▶ Work instructions:
From the data below, return the exact lines starting at the line containing "line L3 (-15.5, -15.5) -> (15.5, -15.5)" and ending at the line containing "line L1 (-15.5, 15.5) -> (-15.5, -15.5)", both included, and nothing else.

--- Input Enclosed Below ---

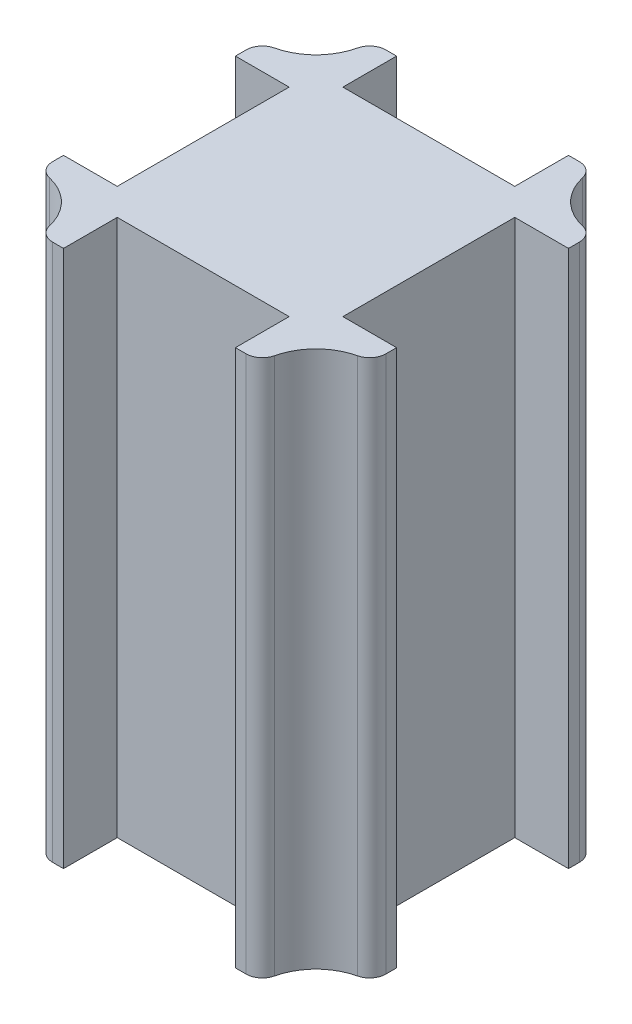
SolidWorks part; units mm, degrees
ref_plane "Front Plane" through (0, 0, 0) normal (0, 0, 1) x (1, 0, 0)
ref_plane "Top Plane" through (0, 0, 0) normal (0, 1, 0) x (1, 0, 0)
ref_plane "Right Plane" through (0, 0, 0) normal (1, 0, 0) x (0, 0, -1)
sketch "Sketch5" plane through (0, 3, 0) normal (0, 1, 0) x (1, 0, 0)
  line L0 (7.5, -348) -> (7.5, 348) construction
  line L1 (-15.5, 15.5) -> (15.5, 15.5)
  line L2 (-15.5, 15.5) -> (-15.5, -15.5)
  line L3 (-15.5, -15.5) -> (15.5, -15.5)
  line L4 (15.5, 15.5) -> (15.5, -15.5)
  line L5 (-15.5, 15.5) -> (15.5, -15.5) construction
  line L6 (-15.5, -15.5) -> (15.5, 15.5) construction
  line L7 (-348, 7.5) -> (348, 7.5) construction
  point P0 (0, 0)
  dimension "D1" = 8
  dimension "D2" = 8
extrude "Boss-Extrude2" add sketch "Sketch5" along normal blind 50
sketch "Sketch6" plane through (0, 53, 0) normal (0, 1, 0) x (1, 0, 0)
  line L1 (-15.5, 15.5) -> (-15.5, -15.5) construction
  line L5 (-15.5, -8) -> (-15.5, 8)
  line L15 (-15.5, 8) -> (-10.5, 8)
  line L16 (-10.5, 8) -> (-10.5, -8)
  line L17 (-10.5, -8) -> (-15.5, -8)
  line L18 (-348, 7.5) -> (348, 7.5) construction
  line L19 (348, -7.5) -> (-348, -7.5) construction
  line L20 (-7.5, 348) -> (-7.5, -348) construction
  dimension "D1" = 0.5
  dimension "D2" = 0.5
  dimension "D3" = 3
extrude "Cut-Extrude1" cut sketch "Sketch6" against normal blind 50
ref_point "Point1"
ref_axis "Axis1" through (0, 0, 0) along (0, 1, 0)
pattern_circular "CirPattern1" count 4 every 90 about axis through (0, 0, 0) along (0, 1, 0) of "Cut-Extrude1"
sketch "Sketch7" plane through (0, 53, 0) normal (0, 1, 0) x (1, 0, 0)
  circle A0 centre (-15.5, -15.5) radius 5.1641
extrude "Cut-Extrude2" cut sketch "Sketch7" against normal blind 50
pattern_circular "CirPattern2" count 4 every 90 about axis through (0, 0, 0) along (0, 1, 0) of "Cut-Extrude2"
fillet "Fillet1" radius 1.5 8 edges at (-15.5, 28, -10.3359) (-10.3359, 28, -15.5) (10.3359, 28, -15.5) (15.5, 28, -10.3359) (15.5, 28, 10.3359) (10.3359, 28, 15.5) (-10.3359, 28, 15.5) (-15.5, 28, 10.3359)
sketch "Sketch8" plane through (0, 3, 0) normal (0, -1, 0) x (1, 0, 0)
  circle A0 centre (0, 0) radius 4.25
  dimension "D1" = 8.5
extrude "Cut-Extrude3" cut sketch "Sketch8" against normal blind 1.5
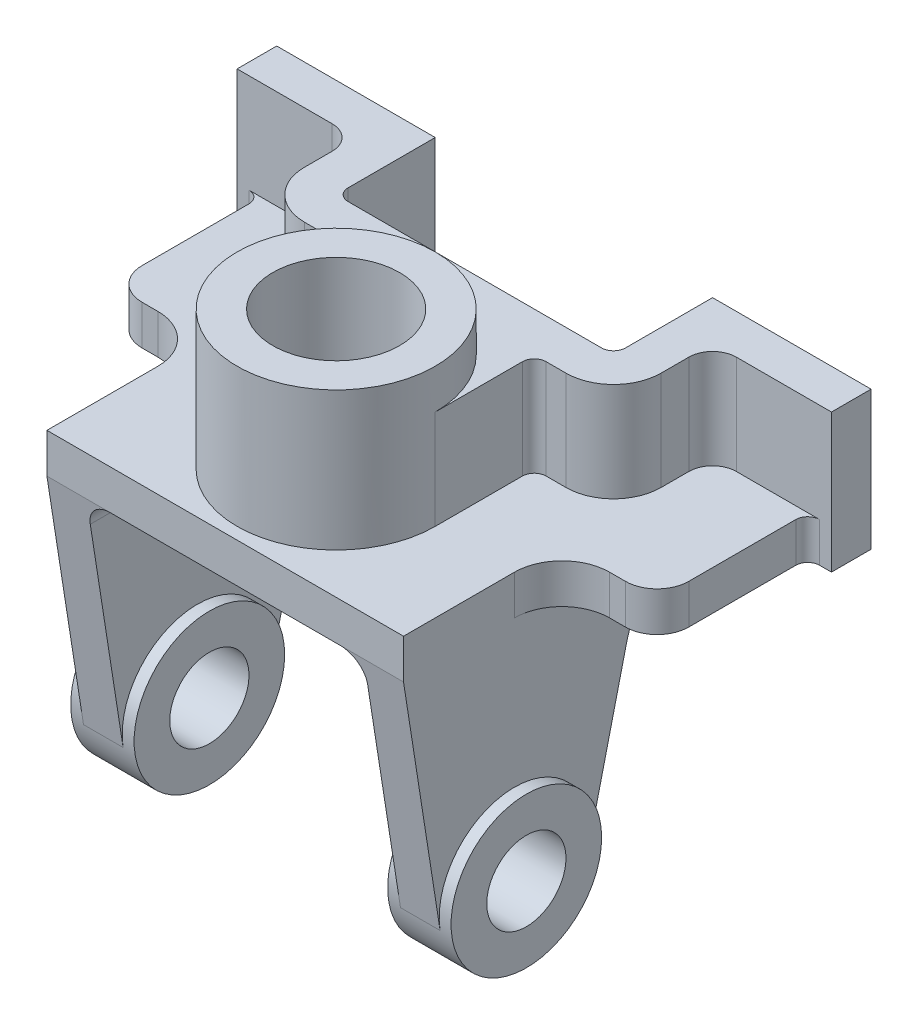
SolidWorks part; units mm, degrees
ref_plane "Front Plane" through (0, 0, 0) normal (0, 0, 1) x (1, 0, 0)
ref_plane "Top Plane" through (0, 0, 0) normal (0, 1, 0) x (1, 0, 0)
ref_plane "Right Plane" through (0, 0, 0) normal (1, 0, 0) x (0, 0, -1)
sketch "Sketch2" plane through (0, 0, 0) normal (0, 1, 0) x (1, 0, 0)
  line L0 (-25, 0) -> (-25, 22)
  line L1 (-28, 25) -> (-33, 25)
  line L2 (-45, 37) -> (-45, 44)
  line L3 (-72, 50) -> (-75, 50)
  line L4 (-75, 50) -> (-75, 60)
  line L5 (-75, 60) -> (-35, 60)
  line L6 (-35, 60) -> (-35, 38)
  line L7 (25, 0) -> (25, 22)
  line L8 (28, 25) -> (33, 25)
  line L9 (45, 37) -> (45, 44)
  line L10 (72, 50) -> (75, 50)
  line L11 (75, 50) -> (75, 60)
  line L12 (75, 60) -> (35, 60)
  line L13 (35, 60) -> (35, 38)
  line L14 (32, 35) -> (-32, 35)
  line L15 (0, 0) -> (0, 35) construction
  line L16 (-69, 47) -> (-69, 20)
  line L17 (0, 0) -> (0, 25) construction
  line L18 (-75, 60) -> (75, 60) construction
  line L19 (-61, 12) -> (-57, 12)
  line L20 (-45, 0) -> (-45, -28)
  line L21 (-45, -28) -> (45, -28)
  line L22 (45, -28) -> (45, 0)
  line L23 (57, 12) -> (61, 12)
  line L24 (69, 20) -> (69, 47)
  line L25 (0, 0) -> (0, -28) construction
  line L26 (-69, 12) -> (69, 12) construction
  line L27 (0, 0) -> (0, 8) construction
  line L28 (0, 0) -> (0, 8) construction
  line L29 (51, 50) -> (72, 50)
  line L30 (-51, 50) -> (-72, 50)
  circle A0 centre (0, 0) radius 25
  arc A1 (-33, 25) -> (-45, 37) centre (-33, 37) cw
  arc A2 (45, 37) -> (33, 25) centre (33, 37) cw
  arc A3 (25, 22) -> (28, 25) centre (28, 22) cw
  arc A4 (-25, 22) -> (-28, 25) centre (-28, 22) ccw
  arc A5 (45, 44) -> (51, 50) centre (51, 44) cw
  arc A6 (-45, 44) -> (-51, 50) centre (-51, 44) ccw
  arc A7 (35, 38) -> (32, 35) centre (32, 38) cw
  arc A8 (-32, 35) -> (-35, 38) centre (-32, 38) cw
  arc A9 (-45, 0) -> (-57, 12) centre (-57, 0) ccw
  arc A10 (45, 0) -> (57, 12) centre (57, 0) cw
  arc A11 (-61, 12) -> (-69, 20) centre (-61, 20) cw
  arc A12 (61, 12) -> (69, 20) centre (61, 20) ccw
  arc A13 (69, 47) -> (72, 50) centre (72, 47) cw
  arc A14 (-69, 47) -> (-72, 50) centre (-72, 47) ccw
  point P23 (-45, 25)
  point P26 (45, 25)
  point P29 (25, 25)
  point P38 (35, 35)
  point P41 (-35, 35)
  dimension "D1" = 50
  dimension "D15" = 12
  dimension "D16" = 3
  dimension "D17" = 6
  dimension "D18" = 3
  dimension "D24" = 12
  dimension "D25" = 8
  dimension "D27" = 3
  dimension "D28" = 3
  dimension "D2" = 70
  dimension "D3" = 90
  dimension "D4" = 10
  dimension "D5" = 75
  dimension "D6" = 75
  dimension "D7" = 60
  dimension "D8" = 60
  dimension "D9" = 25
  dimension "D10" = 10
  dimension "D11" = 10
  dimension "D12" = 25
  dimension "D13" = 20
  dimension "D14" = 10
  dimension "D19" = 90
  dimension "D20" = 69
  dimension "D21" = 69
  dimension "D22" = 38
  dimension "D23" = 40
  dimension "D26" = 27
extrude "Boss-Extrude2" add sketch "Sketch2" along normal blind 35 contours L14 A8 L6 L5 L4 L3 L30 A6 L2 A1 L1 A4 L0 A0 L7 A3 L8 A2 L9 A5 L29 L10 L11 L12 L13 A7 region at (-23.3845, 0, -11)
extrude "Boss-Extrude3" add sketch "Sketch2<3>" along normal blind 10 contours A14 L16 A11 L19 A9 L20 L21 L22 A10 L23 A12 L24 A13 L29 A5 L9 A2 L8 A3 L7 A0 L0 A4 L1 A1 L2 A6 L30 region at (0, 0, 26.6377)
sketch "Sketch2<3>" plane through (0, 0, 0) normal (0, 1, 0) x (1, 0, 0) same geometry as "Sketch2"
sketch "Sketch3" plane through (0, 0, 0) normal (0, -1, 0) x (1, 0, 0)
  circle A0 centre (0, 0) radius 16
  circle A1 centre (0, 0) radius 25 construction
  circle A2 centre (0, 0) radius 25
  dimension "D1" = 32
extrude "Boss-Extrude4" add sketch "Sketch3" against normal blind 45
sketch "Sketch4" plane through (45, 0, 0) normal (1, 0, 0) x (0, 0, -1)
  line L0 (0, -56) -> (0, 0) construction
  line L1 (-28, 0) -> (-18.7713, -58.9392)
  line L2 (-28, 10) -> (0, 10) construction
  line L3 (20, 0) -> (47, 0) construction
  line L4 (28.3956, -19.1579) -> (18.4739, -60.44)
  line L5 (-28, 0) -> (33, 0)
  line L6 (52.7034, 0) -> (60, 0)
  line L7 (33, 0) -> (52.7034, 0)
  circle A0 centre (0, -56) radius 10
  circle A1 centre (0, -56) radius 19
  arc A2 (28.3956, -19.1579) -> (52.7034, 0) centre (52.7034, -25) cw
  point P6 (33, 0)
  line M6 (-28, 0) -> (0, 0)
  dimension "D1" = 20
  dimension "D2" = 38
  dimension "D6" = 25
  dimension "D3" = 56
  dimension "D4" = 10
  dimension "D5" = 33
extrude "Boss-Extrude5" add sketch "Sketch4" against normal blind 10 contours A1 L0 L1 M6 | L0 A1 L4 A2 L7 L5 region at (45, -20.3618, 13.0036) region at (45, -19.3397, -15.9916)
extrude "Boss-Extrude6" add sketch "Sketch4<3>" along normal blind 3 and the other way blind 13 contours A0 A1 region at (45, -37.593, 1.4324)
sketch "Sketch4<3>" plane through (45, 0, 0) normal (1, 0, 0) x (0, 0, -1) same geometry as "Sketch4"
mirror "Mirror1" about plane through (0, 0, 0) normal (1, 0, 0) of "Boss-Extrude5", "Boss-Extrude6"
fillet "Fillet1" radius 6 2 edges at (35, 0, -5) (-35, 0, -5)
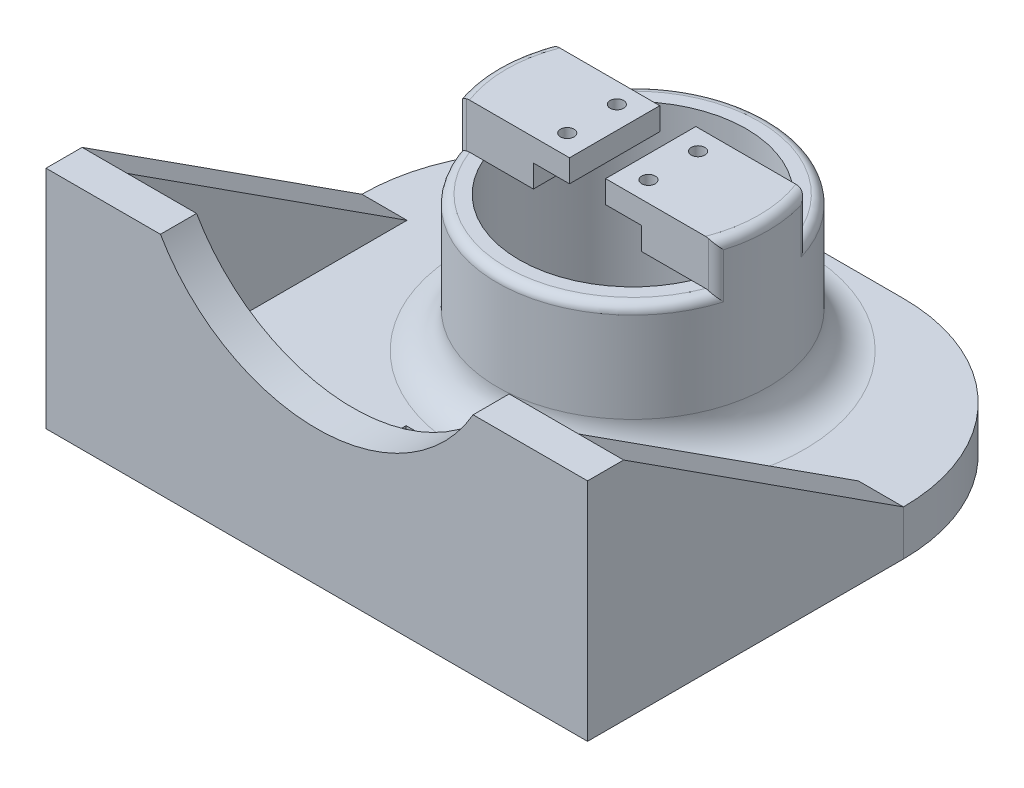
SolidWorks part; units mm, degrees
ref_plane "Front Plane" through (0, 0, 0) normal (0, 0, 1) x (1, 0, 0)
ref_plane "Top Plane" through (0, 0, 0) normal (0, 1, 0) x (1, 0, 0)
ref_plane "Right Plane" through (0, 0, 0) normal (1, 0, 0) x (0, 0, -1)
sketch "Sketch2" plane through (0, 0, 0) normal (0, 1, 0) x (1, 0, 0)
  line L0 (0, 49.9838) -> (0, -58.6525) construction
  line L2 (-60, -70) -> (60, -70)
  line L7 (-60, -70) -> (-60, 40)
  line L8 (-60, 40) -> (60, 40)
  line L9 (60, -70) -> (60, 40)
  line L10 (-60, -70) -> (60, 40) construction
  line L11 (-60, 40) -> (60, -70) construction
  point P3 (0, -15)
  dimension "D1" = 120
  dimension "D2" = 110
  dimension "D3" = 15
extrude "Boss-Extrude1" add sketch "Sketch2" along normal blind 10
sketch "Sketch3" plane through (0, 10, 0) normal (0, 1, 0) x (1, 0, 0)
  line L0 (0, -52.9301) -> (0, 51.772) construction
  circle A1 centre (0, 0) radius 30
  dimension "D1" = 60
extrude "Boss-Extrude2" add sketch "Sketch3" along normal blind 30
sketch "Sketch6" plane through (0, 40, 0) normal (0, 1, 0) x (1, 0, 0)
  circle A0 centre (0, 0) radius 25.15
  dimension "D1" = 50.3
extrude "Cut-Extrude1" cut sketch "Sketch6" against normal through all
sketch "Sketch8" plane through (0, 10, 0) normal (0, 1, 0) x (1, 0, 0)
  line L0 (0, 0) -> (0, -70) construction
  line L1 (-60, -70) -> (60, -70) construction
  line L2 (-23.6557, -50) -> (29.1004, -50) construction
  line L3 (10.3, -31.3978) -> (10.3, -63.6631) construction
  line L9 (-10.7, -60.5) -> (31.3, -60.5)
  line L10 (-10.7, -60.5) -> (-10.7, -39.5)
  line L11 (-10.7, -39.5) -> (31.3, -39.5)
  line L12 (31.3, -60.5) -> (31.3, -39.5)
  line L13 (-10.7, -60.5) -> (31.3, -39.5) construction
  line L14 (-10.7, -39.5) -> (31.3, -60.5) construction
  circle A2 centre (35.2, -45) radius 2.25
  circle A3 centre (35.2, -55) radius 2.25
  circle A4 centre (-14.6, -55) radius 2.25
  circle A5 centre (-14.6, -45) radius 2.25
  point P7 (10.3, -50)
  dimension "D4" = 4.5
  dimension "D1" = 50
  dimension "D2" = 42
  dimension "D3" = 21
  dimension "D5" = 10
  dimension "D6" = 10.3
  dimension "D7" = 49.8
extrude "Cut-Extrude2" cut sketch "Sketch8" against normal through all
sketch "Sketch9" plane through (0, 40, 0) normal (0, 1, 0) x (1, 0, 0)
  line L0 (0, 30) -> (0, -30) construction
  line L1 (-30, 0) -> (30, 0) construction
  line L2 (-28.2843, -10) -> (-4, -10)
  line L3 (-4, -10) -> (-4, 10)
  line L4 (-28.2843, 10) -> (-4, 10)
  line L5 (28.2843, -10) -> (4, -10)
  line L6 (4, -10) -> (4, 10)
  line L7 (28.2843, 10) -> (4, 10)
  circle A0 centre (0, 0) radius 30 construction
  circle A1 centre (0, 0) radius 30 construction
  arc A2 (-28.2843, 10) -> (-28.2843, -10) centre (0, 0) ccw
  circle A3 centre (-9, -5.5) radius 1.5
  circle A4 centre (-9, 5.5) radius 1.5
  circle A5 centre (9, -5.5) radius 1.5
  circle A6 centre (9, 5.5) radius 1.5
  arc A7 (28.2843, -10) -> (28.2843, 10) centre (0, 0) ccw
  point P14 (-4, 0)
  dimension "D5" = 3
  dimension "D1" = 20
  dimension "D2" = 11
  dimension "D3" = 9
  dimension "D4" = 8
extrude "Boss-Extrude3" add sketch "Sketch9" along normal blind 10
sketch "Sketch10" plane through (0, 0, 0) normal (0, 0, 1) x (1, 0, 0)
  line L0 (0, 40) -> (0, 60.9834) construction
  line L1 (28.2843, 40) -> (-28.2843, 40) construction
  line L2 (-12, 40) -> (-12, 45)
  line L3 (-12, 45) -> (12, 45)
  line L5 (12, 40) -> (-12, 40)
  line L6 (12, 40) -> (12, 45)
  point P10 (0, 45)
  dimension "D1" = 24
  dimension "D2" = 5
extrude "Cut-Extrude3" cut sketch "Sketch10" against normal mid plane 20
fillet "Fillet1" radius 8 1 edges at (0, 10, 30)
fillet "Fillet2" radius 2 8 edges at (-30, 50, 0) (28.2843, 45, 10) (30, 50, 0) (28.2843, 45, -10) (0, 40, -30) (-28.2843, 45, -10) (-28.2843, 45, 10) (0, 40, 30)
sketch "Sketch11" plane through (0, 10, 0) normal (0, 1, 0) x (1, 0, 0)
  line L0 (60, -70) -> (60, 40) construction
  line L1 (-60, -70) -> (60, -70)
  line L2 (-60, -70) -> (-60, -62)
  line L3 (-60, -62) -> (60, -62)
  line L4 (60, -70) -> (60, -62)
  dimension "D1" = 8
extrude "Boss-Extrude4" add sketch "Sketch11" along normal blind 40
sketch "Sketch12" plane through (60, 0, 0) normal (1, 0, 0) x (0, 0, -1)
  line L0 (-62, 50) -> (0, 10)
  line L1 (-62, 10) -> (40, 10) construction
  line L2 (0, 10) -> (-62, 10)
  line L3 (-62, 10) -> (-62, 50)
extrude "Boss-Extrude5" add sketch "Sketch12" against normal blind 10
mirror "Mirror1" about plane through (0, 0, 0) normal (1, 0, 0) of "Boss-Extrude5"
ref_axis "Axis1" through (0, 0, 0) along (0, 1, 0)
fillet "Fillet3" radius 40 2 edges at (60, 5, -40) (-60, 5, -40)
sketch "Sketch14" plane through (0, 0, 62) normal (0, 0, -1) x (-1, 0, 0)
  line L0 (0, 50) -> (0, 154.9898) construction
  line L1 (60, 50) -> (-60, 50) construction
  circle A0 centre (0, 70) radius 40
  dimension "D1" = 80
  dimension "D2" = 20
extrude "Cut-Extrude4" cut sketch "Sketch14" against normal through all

--- End of Enclosed Input ---

▶ Answer below:
  line L3 (-15.5, -15.5) -> (15.5, -15.5)
  line L4 (15.5, 15.5) -> (15.5, -15.5)
  line L5 (-15.5, 15.5) -> (15.5, -15.5) construction
  line L6 (-15.5, -15.5) -> (15.5, 15.5) construction
  line L7 (-348, 7.5) -> (348, 7.5) construction
  point P0 (0, 0)
  dimension "D1" = 8
  dimension "D2" = 8
extrude "Boss-Extrude2" add sketch "Sketch5" along normal blind 50
sketch "Sketch6" plane through (0, 53, 0) normal (0, 1, 0) x (1, 0, 0)
  line L1 (-15.5, 15.5) -> (-15.5, -15.5) construction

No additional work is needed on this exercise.